When unpickling this mess again, the unpickler first reads the reconstruction function and its arguments from the stream. The function is called, resulting in an B instance with the dictionary part already initialised. Next, the unpickler reads the state. It encounters a tuple consisting of a reference to an already unpickled object -- namely our instance of B -- and a string, "oats". This tuple now is passed to B.__setstate__(). The first element of state and self are the same object now, as can be seen by adding the line
print self is state[0]
to your __setstate__() implementation (it prints True!). The line
self.update(state[0])
consequently simply updates the instance with itself.
Here's the thinking as I understand it. If your class uses __slots__, it's a way to gaurantee that there aren't any unexpected attributes. Unlike a regular Python object, one that's implemented with slots cannot have attributes dynamically added to it.

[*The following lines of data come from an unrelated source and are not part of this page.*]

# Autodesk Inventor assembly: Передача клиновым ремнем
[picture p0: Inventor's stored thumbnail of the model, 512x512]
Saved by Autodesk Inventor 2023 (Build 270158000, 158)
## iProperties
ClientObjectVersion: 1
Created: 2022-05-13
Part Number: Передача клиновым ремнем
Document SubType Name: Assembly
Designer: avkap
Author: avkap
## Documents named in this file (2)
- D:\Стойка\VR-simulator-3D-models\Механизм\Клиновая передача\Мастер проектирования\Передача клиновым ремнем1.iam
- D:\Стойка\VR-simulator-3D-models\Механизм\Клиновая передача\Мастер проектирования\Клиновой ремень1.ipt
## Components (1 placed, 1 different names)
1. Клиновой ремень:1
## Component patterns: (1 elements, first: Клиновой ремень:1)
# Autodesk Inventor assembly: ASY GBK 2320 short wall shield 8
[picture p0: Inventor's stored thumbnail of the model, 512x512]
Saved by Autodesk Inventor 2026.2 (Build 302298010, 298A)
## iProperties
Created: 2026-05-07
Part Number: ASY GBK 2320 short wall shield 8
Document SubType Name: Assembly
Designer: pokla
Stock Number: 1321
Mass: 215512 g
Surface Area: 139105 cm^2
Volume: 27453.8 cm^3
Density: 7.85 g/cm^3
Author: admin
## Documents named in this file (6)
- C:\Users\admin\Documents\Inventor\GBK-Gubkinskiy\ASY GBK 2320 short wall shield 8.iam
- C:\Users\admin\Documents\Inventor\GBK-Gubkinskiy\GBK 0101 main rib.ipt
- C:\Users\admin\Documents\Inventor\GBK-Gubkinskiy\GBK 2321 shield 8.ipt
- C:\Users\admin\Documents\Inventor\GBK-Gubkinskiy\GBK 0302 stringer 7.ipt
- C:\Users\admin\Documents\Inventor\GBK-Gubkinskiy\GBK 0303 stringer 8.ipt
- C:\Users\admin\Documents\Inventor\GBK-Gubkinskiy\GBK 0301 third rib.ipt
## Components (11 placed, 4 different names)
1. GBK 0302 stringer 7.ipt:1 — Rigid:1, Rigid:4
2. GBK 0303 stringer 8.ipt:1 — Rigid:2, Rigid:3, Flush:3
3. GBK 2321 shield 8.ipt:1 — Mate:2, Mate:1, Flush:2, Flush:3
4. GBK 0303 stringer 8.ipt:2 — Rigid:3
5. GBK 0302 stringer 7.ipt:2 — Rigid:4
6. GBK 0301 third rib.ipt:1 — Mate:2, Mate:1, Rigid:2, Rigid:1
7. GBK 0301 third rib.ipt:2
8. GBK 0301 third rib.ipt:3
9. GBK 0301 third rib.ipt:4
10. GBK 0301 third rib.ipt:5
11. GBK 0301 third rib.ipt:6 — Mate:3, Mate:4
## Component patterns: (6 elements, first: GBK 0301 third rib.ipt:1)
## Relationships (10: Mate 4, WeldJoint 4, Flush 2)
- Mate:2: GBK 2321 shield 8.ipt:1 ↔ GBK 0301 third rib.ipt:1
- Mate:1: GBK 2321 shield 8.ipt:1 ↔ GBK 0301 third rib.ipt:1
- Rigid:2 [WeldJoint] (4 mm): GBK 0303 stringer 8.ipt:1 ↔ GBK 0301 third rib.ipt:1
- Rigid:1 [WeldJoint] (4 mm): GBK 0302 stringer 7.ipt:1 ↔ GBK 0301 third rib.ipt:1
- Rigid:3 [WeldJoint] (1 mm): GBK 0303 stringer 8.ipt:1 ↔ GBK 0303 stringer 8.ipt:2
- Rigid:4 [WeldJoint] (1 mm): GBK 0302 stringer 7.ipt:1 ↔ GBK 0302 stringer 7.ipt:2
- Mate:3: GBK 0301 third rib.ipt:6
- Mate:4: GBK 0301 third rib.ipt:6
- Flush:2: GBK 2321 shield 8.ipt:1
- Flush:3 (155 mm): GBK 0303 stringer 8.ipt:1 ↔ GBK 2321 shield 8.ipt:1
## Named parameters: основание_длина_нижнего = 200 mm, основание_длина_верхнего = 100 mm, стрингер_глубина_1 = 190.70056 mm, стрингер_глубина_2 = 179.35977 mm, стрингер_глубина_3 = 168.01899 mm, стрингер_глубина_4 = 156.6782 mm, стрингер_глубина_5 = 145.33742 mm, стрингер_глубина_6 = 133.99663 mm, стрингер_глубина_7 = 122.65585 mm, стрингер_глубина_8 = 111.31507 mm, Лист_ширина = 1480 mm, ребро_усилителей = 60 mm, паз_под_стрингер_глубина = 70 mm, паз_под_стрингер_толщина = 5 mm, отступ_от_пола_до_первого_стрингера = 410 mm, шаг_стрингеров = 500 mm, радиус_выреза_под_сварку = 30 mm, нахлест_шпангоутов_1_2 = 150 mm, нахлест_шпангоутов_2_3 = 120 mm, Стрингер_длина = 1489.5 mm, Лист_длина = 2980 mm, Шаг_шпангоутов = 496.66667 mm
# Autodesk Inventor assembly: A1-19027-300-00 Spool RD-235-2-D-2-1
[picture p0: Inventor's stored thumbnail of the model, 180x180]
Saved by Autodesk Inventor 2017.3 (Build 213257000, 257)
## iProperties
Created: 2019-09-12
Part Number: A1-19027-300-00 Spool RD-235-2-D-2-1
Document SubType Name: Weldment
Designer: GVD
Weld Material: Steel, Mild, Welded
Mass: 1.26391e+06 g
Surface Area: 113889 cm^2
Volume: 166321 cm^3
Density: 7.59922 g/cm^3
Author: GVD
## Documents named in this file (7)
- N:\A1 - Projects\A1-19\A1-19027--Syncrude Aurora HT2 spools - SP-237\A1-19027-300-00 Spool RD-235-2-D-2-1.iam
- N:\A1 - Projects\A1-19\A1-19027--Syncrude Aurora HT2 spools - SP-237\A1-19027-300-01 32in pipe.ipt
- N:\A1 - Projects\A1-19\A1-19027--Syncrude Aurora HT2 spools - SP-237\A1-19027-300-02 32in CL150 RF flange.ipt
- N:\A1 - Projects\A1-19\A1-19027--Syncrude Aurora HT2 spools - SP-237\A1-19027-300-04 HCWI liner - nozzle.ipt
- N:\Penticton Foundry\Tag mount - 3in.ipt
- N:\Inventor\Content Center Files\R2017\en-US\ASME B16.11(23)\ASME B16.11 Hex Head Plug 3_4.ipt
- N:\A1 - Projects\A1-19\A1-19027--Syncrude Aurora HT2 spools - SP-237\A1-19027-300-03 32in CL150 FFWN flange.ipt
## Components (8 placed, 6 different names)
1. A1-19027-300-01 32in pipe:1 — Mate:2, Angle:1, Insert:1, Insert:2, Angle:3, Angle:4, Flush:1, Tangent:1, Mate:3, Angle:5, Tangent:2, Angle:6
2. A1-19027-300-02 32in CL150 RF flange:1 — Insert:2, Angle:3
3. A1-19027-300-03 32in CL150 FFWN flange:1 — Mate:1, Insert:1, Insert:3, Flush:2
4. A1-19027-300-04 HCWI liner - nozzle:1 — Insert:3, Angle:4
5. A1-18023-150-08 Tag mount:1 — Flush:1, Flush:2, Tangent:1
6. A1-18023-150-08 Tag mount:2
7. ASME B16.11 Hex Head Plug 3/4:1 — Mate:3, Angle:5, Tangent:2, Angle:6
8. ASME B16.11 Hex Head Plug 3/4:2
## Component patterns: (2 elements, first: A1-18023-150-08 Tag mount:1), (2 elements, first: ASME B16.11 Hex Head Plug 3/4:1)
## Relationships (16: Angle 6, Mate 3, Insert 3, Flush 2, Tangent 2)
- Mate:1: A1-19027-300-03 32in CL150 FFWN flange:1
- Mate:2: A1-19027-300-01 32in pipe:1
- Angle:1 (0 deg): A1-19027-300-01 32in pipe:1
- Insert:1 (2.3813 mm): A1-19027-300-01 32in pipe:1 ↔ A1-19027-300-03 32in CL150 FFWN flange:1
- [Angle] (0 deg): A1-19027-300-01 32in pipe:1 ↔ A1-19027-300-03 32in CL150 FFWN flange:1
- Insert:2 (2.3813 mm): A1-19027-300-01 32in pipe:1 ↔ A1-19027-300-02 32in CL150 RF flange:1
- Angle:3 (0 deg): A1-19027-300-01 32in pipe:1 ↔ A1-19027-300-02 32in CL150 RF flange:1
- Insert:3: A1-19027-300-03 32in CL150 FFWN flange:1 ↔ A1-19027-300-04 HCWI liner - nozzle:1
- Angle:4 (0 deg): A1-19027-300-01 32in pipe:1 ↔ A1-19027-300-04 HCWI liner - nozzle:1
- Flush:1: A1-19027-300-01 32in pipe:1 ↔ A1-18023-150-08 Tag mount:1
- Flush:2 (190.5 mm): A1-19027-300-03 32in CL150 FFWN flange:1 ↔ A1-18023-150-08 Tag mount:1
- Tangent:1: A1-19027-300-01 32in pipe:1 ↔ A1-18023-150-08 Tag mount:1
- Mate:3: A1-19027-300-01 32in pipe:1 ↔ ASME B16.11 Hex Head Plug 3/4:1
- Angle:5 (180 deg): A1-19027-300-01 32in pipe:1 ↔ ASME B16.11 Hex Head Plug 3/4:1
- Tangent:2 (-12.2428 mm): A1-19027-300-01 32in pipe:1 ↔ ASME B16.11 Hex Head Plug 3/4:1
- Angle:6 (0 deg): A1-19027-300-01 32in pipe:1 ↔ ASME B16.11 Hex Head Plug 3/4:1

When Python unserializes an object with __slots__, it doesn't want to just make an assumption that whatever attributes were in the serialized version are compatible with your runtime class. So it punts that off to you, and you can implement __getstate__ and __setstate__.
But the way you implemented your __getstate__ and__setstate__, you appear to be circumventing that check. Here's the code that's raising that exception:
try:
getstate = self.__getstate__
except AttributeError:
if getattr(self, "__slots__", None):
raise TypeError("a class that defines __slots__ without "
"defining __getstate__ cannot be pickled")
try:
dict = self.__dict__
except AttributeError:
dict = None
else:
dict = getstate()
In a round about way, you're telling the Pickle module to set its objections aside and serialize and unserialize your objects as normal.
That may or may not be a good idea -- I'm not sure. But I think that could come back to bite you if, for example, you change your class definition and then unserialize an object with a different set of attributes than what your runtime class expects.
That's why, when using slots especially, your __getstate__ and __getstate__ should be more explicit. I would be explicit and be clear that you're just sending the dictionary key/values back and forth, like this:
class B(A):
__slots__ = ["porridge"]
def __getstate__(self):
return dict(self), self.porridge
def __setstate__(self, state):
self.update(state[0])
self.porridge = state[1]
Notice the dict(self) -- that casts your object to a dict, which should make sure that the first element in your state tuple is only your dictionary data.